*About this task*:
Below are some records. Say in a single number how many of their lines include the word "errorObj".

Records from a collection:
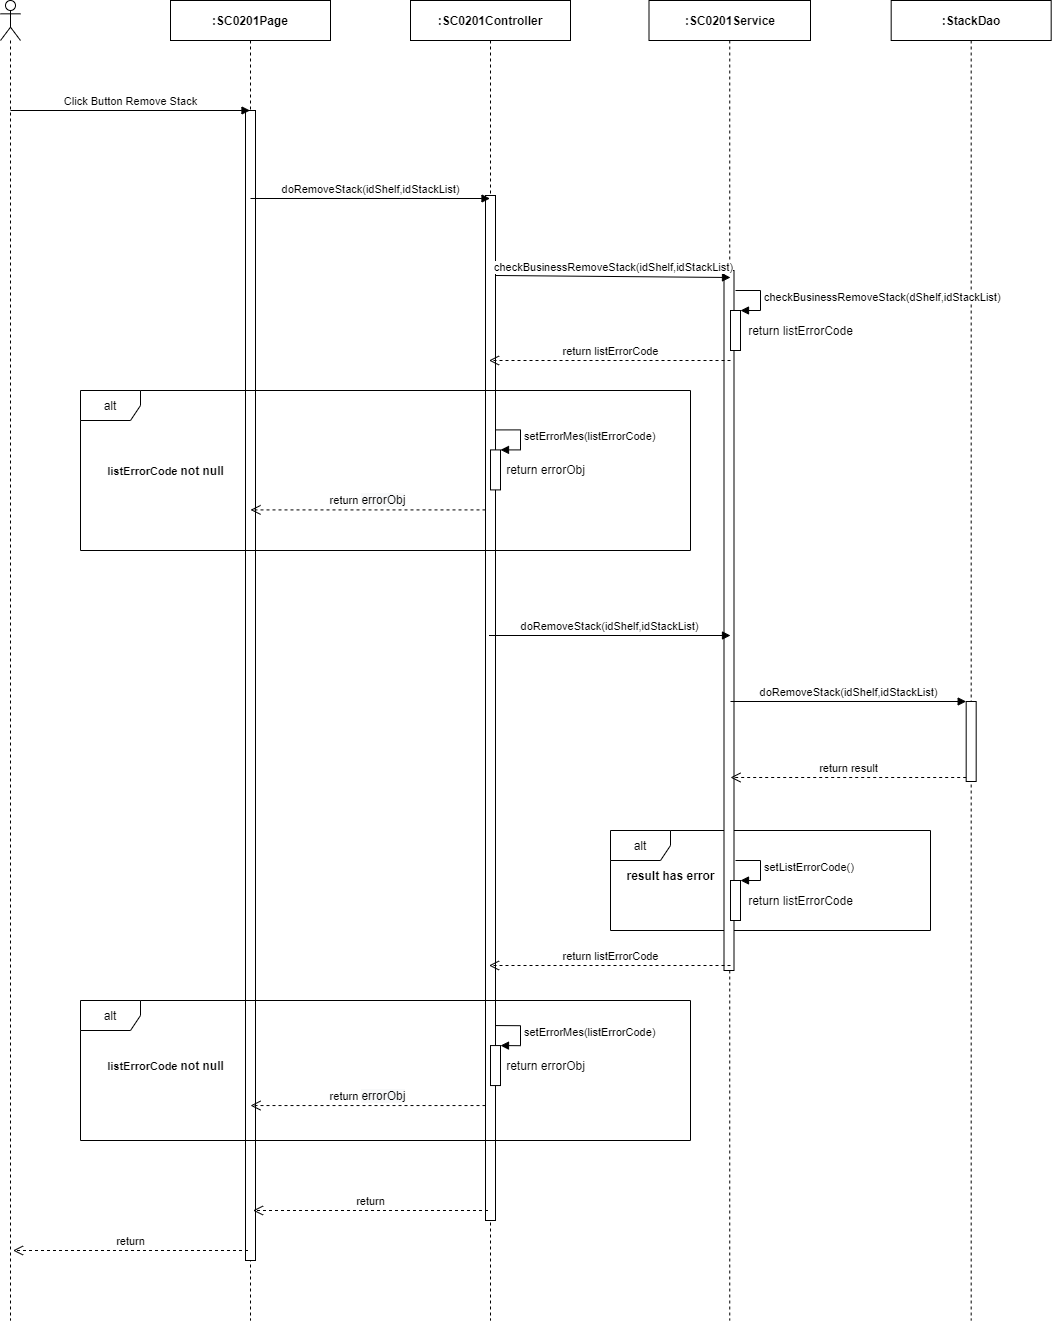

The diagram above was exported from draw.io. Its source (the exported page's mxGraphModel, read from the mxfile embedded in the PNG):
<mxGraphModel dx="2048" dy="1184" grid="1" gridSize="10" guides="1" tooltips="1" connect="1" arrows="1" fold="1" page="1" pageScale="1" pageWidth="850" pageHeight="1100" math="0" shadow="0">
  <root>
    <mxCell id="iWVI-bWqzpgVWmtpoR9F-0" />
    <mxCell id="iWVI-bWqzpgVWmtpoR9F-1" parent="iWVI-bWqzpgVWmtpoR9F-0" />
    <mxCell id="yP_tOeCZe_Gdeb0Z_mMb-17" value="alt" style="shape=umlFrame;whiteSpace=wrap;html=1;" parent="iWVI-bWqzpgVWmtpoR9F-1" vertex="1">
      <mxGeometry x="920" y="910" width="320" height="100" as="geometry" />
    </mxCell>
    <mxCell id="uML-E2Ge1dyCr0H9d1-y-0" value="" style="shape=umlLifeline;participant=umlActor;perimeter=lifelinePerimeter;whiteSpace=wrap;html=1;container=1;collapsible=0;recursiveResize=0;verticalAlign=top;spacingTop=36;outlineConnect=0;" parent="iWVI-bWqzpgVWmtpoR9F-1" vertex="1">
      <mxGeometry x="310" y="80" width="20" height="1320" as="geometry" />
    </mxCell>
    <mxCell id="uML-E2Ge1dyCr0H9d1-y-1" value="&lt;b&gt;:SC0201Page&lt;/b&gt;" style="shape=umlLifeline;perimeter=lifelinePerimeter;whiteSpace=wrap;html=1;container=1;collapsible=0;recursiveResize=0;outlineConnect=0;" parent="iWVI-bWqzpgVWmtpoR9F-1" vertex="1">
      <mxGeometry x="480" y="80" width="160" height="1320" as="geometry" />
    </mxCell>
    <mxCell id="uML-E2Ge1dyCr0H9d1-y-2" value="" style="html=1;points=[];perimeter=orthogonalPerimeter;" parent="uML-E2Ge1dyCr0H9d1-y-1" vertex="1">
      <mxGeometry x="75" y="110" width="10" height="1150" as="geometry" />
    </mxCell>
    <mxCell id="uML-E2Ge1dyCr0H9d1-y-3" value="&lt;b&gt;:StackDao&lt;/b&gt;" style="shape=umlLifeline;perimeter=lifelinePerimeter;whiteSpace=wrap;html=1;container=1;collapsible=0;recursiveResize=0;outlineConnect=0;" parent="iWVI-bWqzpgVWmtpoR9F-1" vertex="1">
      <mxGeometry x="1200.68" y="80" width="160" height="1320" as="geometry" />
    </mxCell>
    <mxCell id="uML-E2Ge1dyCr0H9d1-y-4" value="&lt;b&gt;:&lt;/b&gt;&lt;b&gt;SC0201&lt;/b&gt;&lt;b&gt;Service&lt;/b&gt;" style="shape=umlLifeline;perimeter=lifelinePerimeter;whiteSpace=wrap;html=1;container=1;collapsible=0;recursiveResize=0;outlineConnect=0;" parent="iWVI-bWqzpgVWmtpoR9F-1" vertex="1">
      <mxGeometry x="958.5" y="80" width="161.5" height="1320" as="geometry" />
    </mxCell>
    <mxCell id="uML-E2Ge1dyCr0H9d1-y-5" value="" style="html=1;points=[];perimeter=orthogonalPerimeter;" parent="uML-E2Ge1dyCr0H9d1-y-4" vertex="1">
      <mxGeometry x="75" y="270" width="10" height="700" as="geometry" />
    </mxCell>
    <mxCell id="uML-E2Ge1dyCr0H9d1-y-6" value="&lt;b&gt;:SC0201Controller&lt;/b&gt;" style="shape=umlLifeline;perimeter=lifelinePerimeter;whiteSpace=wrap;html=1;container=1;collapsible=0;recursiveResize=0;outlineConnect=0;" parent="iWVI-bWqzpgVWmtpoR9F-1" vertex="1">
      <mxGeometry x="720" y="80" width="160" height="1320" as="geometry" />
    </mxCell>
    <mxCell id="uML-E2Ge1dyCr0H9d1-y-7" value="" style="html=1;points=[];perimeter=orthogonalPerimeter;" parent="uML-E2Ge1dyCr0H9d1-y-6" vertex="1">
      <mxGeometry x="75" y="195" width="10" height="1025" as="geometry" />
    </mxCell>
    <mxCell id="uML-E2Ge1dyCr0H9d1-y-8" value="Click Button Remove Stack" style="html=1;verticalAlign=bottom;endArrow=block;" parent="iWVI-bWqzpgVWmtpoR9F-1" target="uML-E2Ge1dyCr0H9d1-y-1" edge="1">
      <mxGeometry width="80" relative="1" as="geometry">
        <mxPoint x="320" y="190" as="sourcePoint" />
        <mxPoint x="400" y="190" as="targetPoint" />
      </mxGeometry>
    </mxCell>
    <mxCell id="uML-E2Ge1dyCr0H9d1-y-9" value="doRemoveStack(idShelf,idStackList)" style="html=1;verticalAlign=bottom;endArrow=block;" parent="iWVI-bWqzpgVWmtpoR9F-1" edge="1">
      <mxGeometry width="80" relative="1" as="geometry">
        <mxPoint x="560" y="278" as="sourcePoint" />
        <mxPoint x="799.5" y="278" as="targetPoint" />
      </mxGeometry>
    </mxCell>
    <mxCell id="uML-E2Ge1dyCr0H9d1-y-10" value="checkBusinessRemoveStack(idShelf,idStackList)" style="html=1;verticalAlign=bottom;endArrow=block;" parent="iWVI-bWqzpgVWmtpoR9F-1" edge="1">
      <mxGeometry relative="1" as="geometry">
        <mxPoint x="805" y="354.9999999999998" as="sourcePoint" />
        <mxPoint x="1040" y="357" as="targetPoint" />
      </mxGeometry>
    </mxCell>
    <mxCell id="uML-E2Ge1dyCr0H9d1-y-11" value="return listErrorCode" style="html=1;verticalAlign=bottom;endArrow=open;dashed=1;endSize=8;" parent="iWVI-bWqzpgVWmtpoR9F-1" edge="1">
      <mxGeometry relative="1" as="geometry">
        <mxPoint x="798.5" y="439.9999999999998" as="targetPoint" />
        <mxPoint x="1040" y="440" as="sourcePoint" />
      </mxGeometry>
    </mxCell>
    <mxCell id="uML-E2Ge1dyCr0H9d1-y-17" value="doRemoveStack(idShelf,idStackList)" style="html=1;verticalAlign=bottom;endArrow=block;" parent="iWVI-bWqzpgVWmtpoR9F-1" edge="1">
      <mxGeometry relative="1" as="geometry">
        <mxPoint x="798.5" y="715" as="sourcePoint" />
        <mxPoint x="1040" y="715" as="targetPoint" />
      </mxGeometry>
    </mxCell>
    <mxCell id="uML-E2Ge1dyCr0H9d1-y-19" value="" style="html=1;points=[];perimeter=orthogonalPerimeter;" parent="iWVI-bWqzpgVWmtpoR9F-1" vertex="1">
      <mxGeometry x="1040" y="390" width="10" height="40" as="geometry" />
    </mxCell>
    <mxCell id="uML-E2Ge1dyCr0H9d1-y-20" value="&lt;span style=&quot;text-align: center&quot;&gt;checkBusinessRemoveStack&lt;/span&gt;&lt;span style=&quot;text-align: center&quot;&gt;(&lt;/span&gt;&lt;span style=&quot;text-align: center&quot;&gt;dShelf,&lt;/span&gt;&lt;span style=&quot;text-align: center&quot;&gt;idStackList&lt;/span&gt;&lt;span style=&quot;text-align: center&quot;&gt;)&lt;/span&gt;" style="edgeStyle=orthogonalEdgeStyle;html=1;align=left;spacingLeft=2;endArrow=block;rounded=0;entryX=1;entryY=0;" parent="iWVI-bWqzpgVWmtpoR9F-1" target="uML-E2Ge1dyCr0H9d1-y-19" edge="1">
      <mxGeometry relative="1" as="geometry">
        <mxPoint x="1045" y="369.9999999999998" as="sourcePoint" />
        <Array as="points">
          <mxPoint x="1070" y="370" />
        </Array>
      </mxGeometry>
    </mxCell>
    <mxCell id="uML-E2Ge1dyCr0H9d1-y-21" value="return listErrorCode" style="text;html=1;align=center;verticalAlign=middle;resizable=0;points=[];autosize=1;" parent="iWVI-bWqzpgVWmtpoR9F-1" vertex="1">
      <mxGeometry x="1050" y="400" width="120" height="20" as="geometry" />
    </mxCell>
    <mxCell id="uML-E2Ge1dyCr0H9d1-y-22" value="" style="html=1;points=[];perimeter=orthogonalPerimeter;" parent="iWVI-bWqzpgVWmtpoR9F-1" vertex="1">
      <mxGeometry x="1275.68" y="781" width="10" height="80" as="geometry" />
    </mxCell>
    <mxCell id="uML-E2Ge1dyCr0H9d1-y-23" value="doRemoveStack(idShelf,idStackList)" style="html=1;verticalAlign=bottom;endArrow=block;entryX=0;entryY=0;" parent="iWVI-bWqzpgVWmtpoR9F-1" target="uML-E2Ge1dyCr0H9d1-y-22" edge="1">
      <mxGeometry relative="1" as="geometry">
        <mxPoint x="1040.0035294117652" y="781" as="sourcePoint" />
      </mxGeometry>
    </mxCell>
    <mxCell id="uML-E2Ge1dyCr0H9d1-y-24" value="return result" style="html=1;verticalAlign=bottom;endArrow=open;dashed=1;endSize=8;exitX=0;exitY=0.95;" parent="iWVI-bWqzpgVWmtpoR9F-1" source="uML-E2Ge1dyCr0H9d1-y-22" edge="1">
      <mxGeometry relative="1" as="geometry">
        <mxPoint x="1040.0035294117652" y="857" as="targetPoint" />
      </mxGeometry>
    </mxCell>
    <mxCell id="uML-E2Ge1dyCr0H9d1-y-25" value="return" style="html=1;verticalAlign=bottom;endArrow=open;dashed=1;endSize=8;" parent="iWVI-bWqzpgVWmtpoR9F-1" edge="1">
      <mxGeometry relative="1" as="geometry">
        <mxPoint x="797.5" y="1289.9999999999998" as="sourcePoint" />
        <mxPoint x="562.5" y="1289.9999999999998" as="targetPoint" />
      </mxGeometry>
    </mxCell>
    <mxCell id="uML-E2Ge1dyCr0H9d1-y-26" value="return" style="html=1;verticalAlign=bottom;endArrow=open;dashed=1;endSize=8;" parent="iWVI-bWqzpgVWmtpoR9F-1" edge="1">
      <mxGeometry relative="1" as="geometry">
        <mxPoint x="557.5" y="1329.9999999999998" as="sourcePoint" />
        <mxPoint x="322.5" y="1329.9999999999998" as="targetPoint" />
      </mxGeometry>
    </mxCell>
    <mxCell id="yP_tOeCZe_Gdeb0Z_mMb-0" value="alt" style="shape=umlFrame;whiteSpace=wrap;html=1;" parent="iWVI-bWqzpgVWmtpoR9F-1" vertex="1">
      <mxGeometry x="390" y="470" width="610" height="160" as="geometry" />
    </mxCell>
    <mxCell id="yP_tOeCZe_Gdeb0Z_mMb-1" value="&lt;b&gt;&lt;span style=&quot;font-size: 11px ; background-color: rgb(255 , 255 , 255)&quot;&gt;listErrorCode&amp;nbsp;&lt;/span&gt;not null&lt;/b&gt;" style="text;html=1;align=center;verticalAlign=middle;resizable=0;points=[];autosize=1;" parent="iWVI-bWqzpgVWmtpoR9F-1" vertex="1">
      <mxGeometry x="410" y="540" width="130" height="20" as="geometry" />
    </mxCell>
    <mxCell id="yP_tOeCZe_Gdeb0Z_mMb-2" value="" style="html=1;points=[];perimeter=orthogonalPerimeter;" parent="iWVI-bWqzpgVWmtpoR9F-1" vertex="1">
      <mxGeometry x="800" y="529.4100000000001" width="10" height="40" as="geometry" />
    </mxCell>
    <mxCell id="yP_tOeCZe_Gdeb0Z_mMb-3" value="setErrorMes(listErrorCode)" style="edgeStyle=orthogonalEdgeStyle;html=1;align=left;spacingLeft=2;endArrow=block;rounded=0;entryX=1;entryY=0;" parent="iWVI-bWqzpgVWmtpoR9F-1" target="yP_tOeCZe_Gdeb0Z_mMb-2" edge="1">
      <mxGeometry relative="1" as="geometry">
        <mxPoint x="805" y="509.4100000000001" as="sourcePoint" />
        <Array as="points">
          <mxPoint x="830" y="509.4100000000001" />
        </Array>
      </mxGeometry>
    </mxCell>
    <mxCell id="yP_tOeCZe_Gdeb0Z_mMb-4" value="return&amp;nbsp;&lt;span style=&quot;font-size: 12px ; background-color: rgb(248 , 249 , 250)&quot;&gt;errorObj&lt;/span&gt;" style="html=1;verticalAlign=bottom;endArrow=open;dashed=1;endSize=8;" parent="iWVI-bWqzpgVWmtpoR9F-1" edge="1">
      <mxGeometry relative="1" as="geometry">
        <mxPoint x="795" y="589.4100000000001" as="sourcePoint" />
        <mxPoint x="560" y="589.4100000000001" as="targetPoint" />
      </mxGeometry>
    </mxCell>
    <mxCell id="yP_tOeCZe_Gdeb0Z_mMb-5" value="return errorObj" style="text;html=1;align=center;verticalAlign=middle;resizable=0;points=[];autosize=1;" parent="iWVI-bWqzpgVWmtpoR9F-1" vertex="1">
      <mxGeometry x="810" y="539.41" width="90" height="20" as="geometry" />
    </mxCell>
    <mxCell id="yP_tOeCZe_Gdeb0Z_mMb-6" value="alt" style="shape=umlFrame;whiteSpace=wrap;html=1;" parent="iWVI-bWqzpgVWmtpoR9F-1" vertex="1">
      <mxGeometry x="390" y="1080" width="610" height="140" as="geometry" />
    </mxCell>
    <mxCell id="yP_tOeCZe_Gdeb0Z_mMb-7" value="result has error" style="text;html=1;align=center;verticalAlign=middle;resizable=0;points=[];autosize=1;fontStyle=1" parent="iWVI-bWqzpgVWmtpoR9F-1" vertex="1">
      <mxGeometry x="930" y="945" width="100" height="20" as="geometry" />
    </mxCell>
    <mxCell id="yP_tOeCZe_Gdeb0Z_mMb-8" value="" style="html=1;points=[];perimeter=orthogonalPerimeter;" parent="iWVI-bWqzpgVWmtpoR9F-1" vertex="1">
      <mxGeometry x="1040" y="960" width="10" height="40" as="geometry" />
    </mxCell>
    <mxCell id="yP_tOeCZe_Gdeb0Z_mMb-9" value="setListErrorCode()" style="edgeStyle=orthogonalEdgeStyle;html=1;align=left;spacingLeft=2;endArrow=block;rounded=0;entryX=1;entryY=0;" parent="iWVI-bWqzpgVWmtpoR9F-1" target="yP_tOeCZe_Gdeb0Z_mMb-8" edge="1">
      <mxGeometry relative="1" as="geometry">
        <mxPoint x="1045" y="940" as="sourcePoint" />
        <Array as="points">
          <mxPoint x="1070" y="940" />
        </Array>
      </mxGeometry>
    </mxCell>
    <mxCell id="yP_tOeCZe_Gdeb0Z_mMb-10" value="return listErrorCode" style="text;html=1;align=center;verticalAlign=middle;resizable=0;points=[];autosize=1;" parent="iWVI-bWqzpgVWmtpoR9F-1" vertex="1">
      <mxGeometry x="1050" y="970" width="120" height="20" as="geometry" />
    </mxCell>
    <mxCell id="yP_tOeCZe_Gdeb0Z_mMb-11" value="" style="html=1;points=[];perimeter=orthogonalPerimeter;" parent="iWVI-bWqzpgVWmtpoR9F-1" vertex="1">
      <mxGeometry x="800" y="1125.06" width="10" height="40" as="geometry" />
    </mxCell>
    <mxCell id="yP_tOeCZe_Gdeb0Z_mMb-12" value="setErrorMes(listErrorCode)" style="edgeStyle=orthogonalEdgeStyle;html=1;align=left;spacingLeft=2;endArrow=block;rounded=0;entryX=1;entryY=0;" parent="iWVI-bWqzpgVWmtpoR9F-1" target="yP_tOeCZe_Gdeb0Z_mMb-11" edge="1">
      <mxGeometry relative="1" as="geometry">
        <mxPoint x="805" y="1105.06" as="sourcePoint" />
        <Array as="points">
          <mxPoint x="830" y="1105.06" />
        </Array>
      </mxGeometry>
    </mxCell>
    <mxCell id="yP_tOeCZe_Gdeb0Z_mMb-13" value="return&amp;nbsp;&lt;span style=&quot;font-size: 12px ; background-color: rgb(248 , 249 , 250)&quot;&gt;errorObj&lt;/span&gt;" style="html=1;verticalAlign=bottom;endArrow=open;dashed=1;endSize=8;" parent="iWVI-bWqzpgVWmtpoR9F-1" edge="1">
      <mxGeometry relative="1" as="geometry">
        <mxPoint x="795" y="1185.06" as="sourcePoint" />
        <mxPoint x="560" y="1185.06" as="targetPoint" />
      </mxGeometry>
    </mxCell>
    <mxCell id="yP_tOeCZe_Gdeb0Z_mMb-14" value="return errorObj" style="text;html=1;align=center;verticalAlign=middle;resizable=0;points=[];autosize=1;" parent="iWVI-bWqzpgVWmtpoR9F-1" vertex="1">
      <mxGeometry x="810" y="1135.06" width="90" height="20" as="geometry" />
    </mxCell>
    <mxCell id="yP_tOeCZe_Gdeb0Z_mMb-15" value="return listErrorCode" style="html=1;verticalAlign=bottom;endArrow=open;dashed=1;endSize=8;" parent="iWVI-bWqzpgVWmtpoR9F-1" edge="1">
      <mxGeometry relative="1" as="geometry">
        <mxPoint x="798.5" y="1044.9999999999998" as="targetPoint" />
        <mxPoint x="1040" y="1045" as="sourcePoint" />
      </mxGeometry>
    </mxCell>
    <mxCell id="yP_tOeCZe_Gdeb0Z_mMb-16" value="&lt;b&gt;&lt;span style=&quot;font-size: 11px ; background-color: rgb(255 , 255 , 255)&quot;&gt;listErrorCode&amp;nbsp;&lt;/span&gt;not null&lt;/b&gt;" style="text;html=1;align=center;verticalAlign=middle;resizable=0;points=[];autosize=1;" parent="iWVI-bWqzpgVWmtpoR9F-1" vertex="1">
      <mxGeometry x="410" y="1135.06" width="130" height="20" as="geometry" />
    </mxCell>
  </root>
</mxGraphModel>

*Solution to this exercise*:
4